Duas companhias públicas brasileiras, o Serpro e a Dataprev, estão no radar de privatizações do governo Bolsonaro. A Serpro é uma empresa com 9.100 funcionários concursados que faturou, em 2018, R$ 3,2 bilhões. Já a Dataprev, com 3.400 servidores, no mesmo período, alcançou R$ 1,26 bilhão. Juntas, estão estimadas em R$ 6 bilhões. No entanto, não há um cálculo sobre o preço das informações que armazenam.
Dados das empresas
Na Dataprev, há armazenamento e processamento de dados por meio de seus 720 sistemas. Registros de nascimentos e óbitos no país, detalhes de empresas registradas em todos os Estados, cadastros trabalhistas de nacionais e estrangeiros, processamento de pagamentos de aposentadorias, seguro desemprego e pensões são as informações constantes em seu banco de dados.

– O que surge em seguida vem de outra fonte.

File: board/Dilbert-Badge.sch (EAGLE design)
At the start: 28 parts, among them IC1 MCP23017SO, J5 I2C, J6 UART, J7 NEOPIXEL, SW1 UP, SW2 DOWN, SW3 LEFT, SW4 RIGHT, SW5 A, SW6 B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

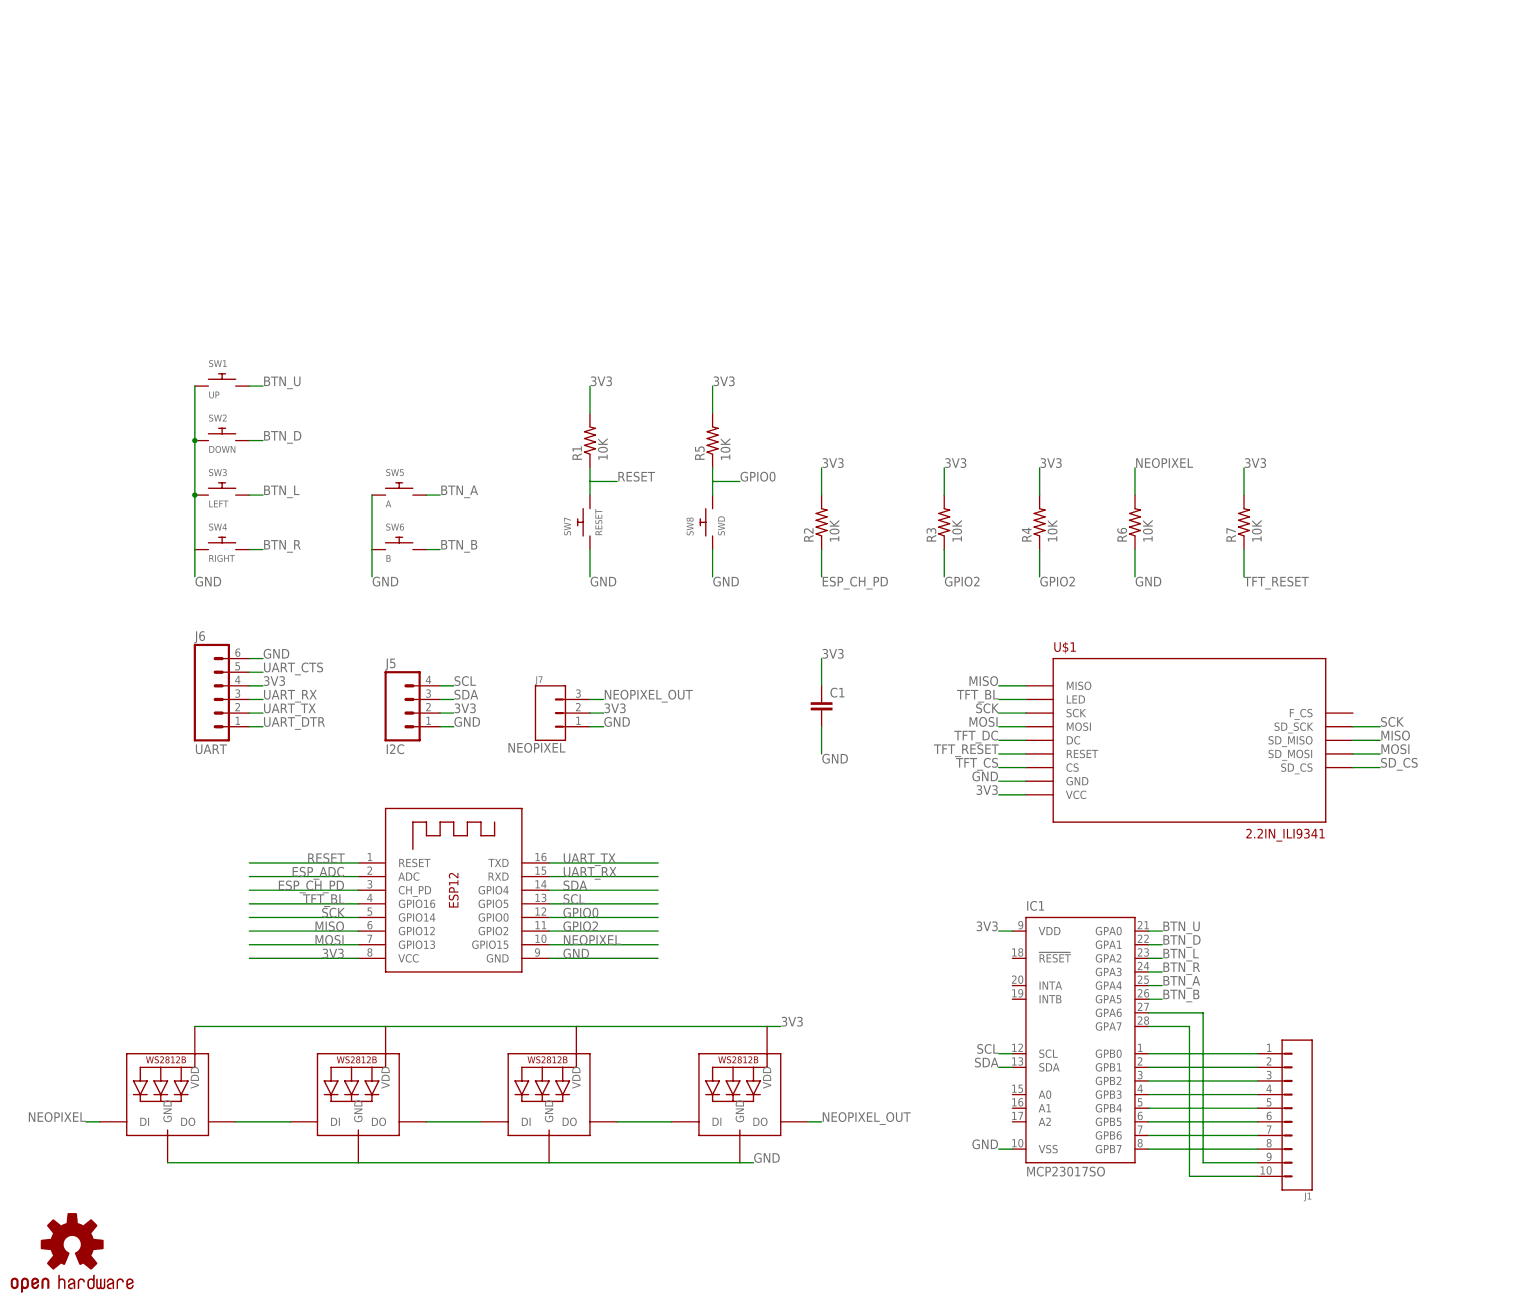
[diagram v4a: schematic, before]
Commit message: more neopixels are good
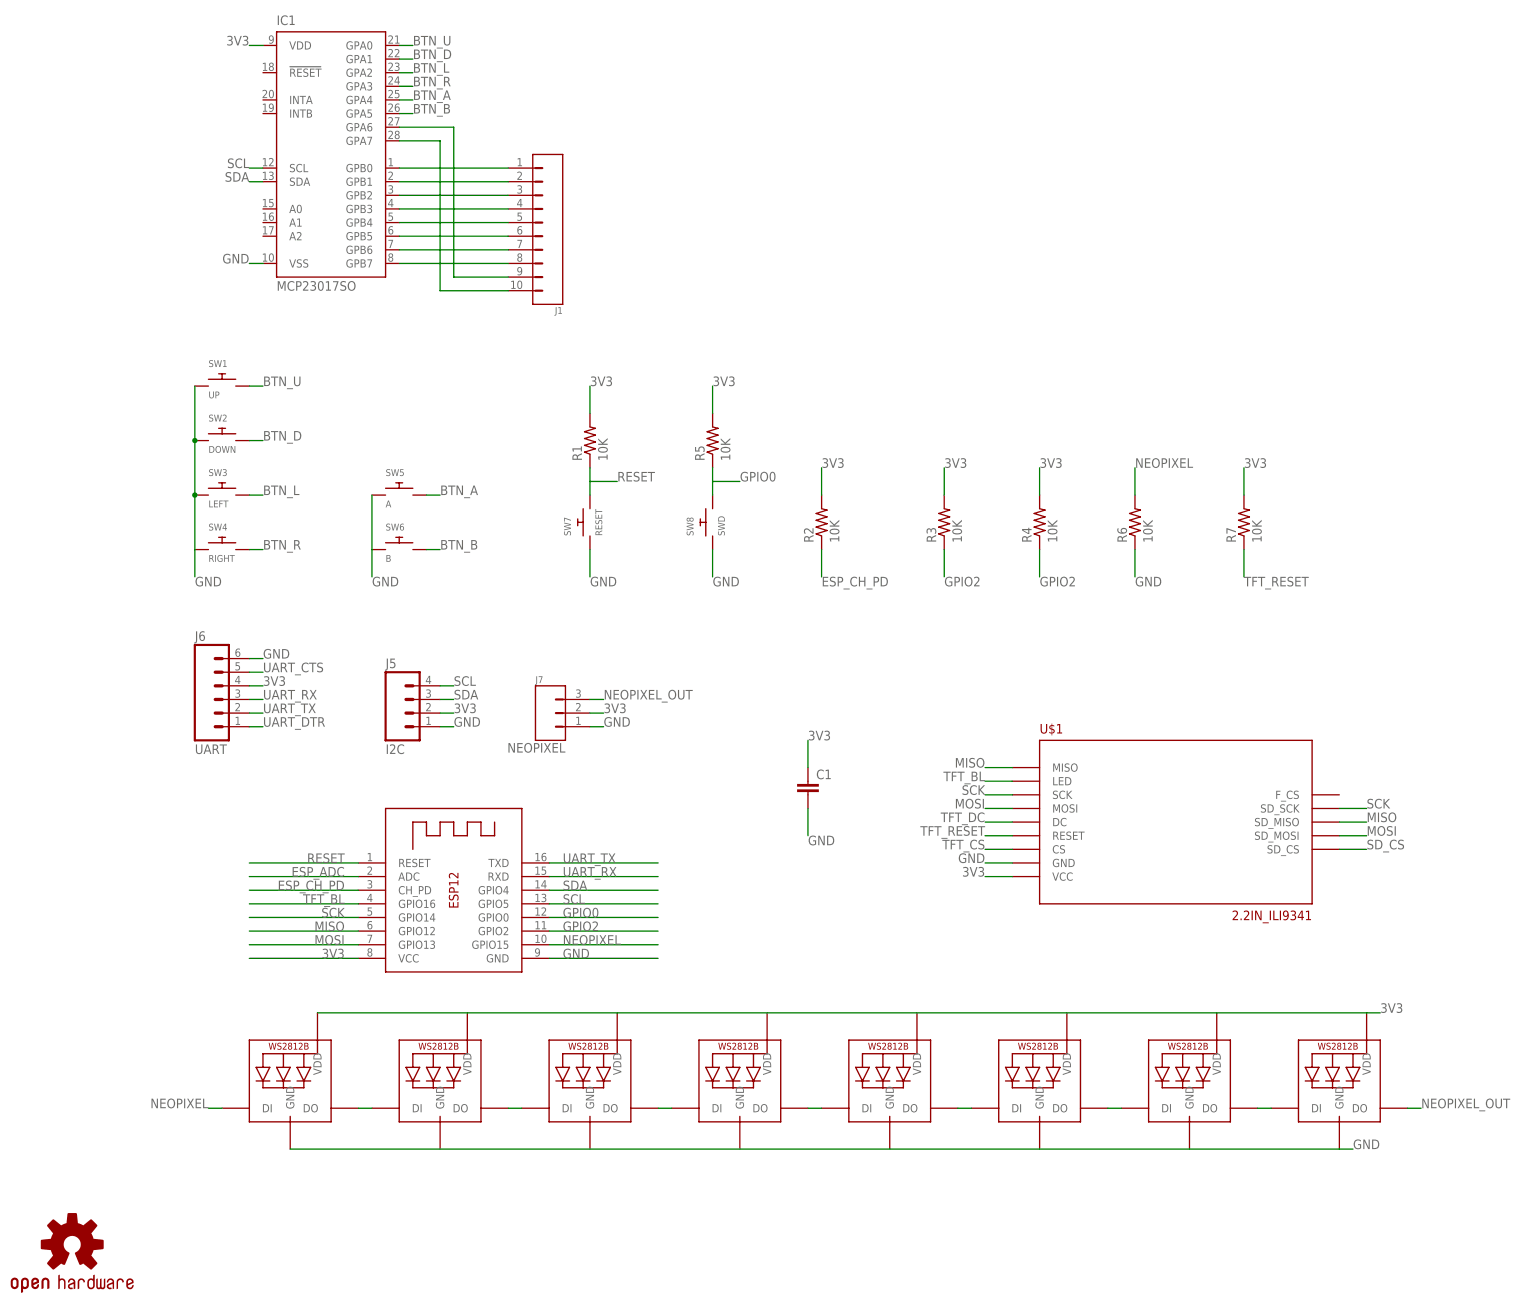
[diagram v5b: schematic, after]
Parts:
- added LED5, LED6, LED7, LED8: WS2812B5050, adafruit:WS2812B5050
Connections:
- new net N$16: LED4.DO, LED5.DI
- new net N$17: LED5.DO, LED6.DI
- new net N$18: LED6.DO, LED7.DI
- new net N$19: LED7.DO, LED8.DI
- net 3V3: now also LED8.VDD; no longer LED2.VDD, LED3.VDD, LED4.VDD
- net GND: now also LED8.GND; no longer LED2.GND, LED3.GND, LED4.GND
- net NEOPIXEL_OUT: now also LED8.DO; no longer LED4.DO
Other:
- moved on the sheet: C1, IC1, J1, U$1

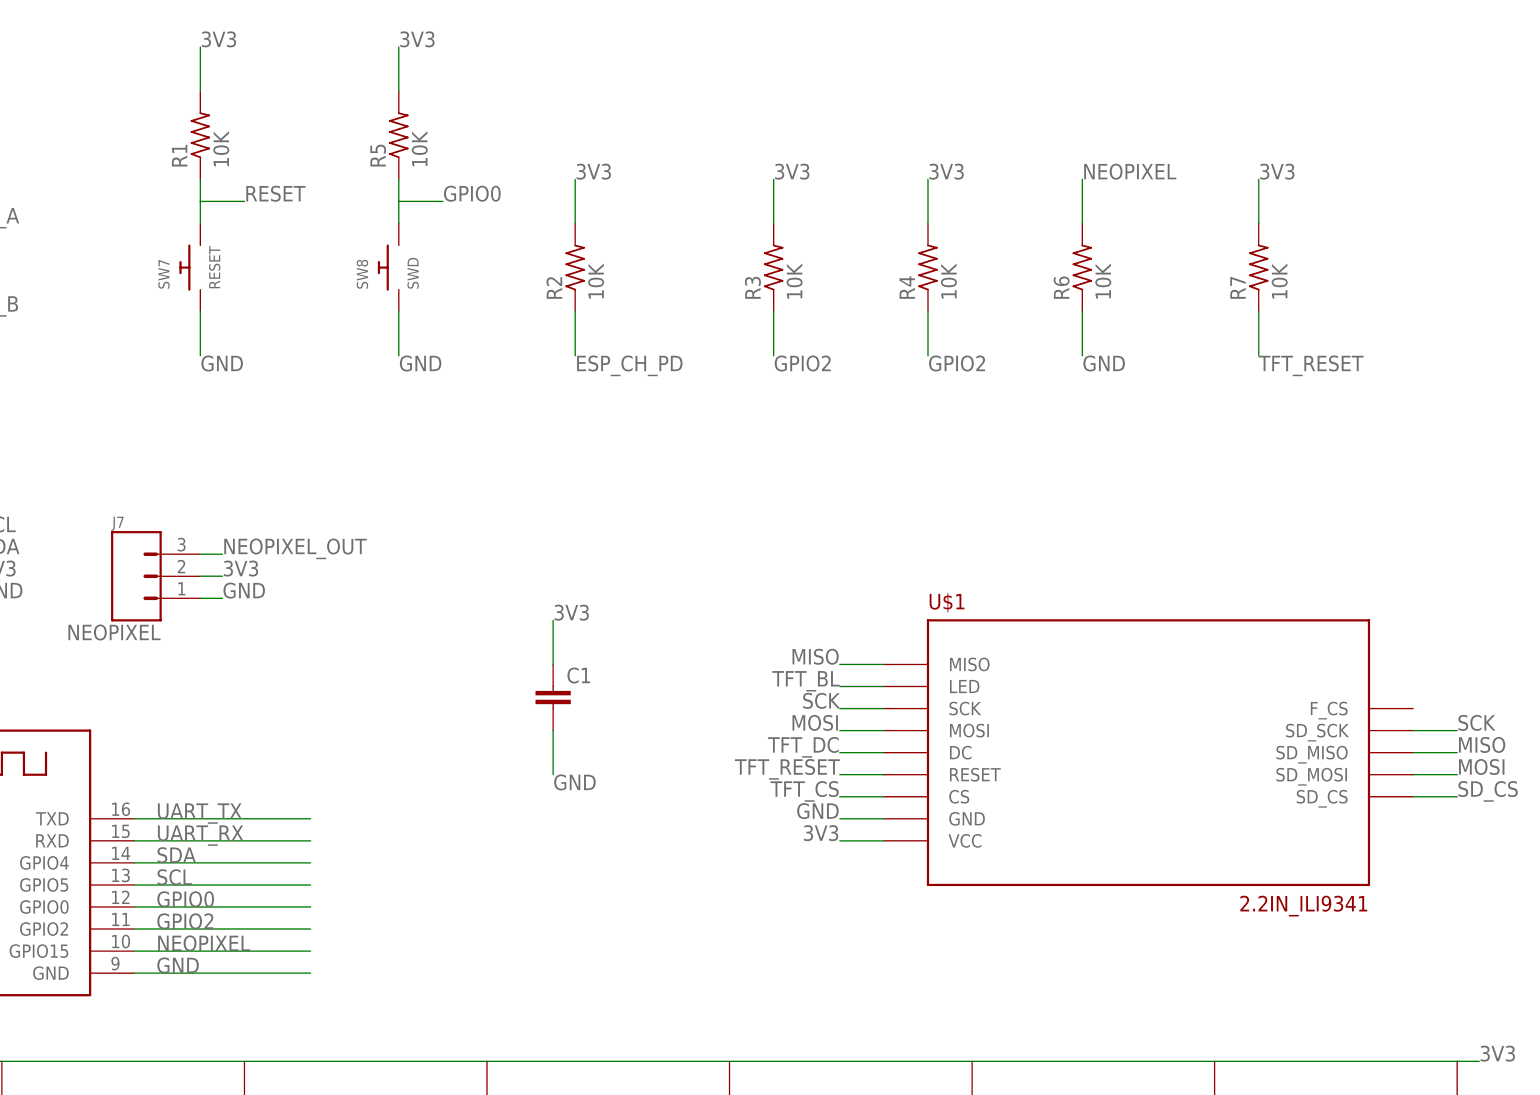
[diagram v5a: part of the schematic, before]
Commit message: switch to hardware SPI with i2c port expander
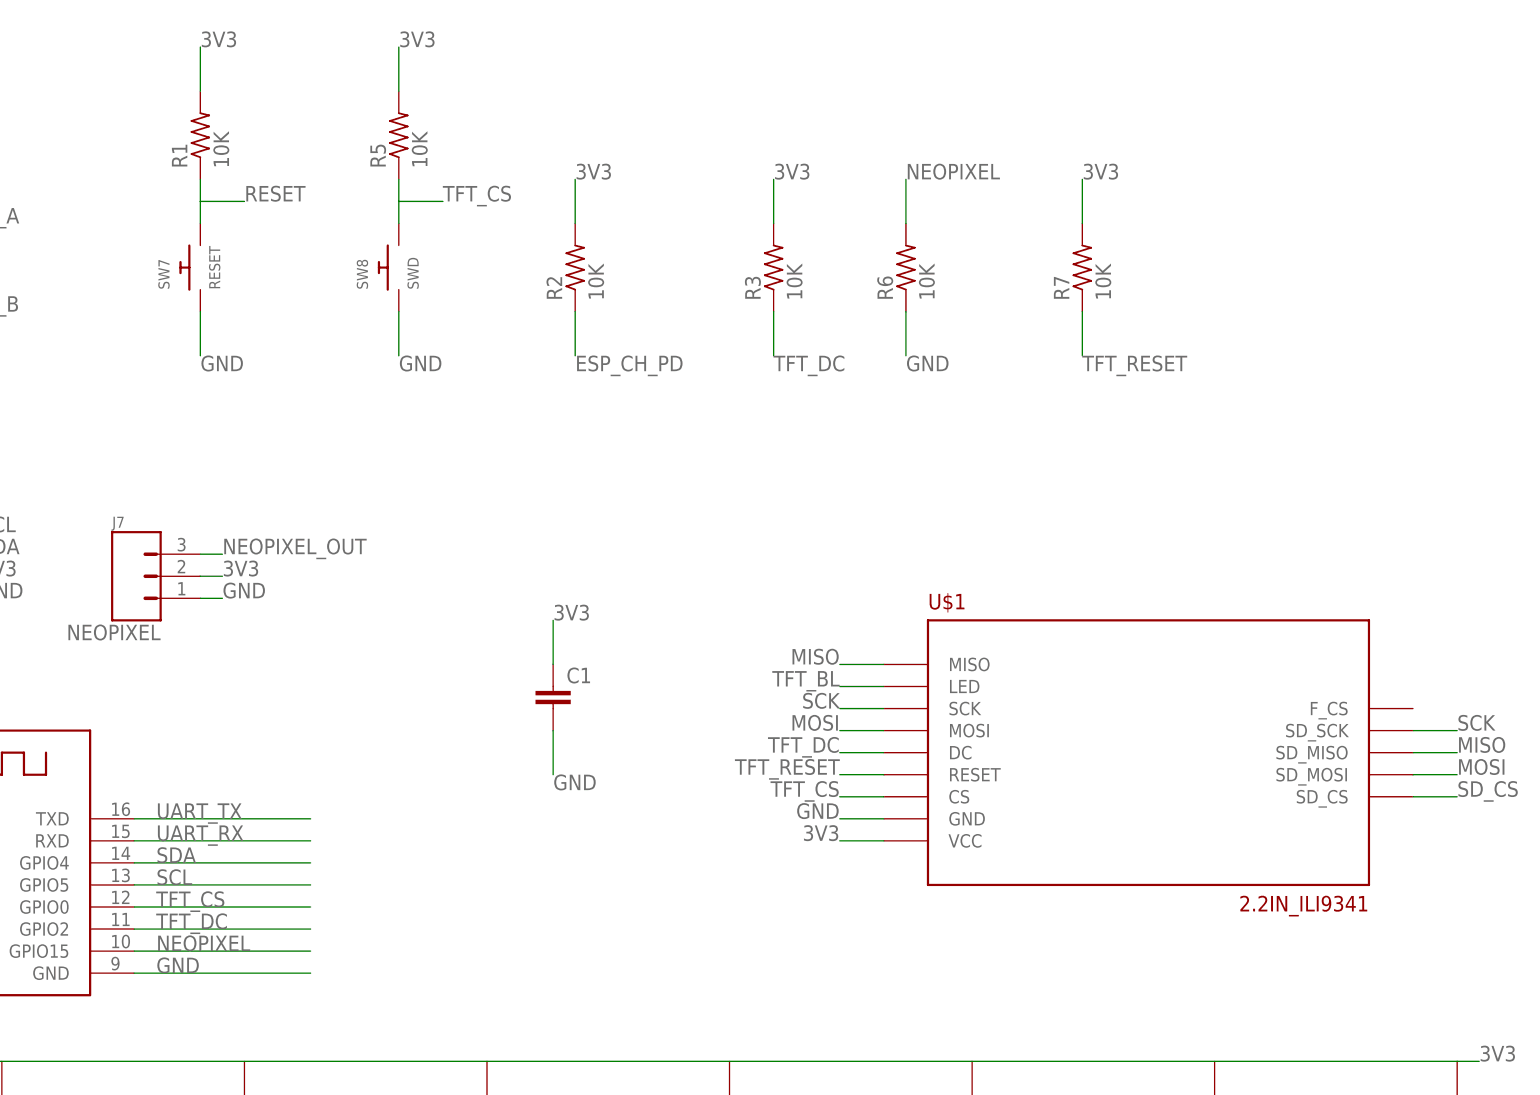
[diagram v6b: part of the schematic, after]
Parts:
- removed R4: 10K, adafruit:R-US_R0805
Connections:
- removed net GPIO0: R5.1, SW8.P$2, X1.GPIO0
- removed net GPIO2: R3.1, R4.1, X1.GPIO2
- net 3V3: no longer R4.2
- net TFT_CS: now also R5.1, SW8.P$2, X1.GPIO0
- net TFT_DC: now also R3.1, X1.GPIO2
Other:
- moved on the sheet: R6, R7

Já no Serpro, os mais de 4.000 sistemas de informação armazenam e processam emissão de passaportes e carteiras de motoristas, declaração do imposto de renda, registros sobre veículos roubados ou furtados em todo o país, pagamento do Bolsa Família, dados da Agência Brasileira de Inteligência, do sistema de comércio exterior e de transações que passaram pelos portos e aeroportos nacionais e outros.
Interessados na aquisição
Devido aos dados armazenados por essas duas empresas, o mercado traça estratégias para atingir determinado público. O fato de um ex-servidor receber ligações oferecendo empréstimo consignado após se aposentar ou de um cidadão que recebe a oferta de um novo seguro semanas antes de vencer o contrato atual não é coincidência.
Essas estratégias são planejadas com base nas informações confidenciais mantidas pelo Governo por meio dessas companhias. Elas são valiosíssimas para empresas que buscam informações de potenciais clientes. Não à toa, fundos de investimentos e empresas de tecnologia da informação nacionais e estrangeiras estão de olho na privatização.
Ameaça à proteção de dados pessoais
Especialistas e servidores temem que a privatização ameacem à privacidade dos dados pessoais armazenados e processados por essas empresas. Considerando que os dados são, atualmente, “o novo petróleo”, o temor sobre o comércio sem a devida autorização dessas informações é compreensivo.
É possível direcionar uma venda ou definir o acesso ao crédito junto a instituições financeiras, por exemplo. De acordo com o diretor do Sindicato de Processamento de Dados do Distrito Federal e funcionário do Serpro, Kléber Santos, “são informações sensíveis que não deveriam cair nas mãos de uma empresa privada, sob o risco de ferir até a soberania nacional”.
A representante da Coordenação Nacional de Campanha da Dataprev e servidora Socorro Lago diz: “Se eu resolvo montar um dossiê contra uma pessoa, busco no seu histórico do imposto de renda o quanto arrecada, qual é o seu patrimônio. Hoje, essas informações estão só nas mãos do Estado. Após privatizar, correm o risco de serem comercializadas livremente”.
Para o advogado e especialista em proteção de dados pessoais, Bruno Bioni, a proteção de dados pessoais é a nossa própria identidade: “Na medida em que o cidadão é enxergado, julgado, não com base no rosto deles, mas com o que uma base de dados diz sobre ele, a proteção de dados pessoais passa a ser um eixo e um vetor de sua própria cidadania. […]. Olhar como os dados vão ser bem protegidos talvez seja hoje o principal alicerce na relação entre estado e cidadão”.
Ele acredita que é importante discutir se a privatização é prejudicial à proteção de dados pessoais, mas também entende ser necessário considerar os limites se houver a privatização. É fundamental saber se os dados coletados serão usados somente para o fim pelo qual foram obtidos. Vale lembrar que no segundo semestre de 2020 entrará em vigor a Lei Geral de Proteção de Dados.
Estudos de privatização
O Banco Nacional de Desenvolvimento Econômico e Social está realizando estudos para a venda das duas empresas no ano que vem. A audiência pública na Câmara prevista para 29 de agosto, com a participação dos presidentes do Serpro e da Dataprev não ocorreu, porque ambos cancelaram a participação no encontro após a mobilização de servidores para tentar frear a venda.
Por meio do Ministério da Economia, o governo informou que as empresas devem ser vendidas para obedecer à lógica traçada pelo ministro Paulo Guedes acerca da transferência, para a iniciativa privada, do maior número de companhias públicas. A transação depende de aprovação do Congresso Nacional.
Em nota, a pasta disse: “A orientação é reduzir o tamanho do Estado, privatizando o máximo de empresas e focando naquilo que o Estado deveria cuidar como saúde, educação, segurança e infraestrutura. O Governo entende que a manutenção de dados da população sob guarda dessas empresas não garante sua proteção mais do que sob guarda de empresas privadas.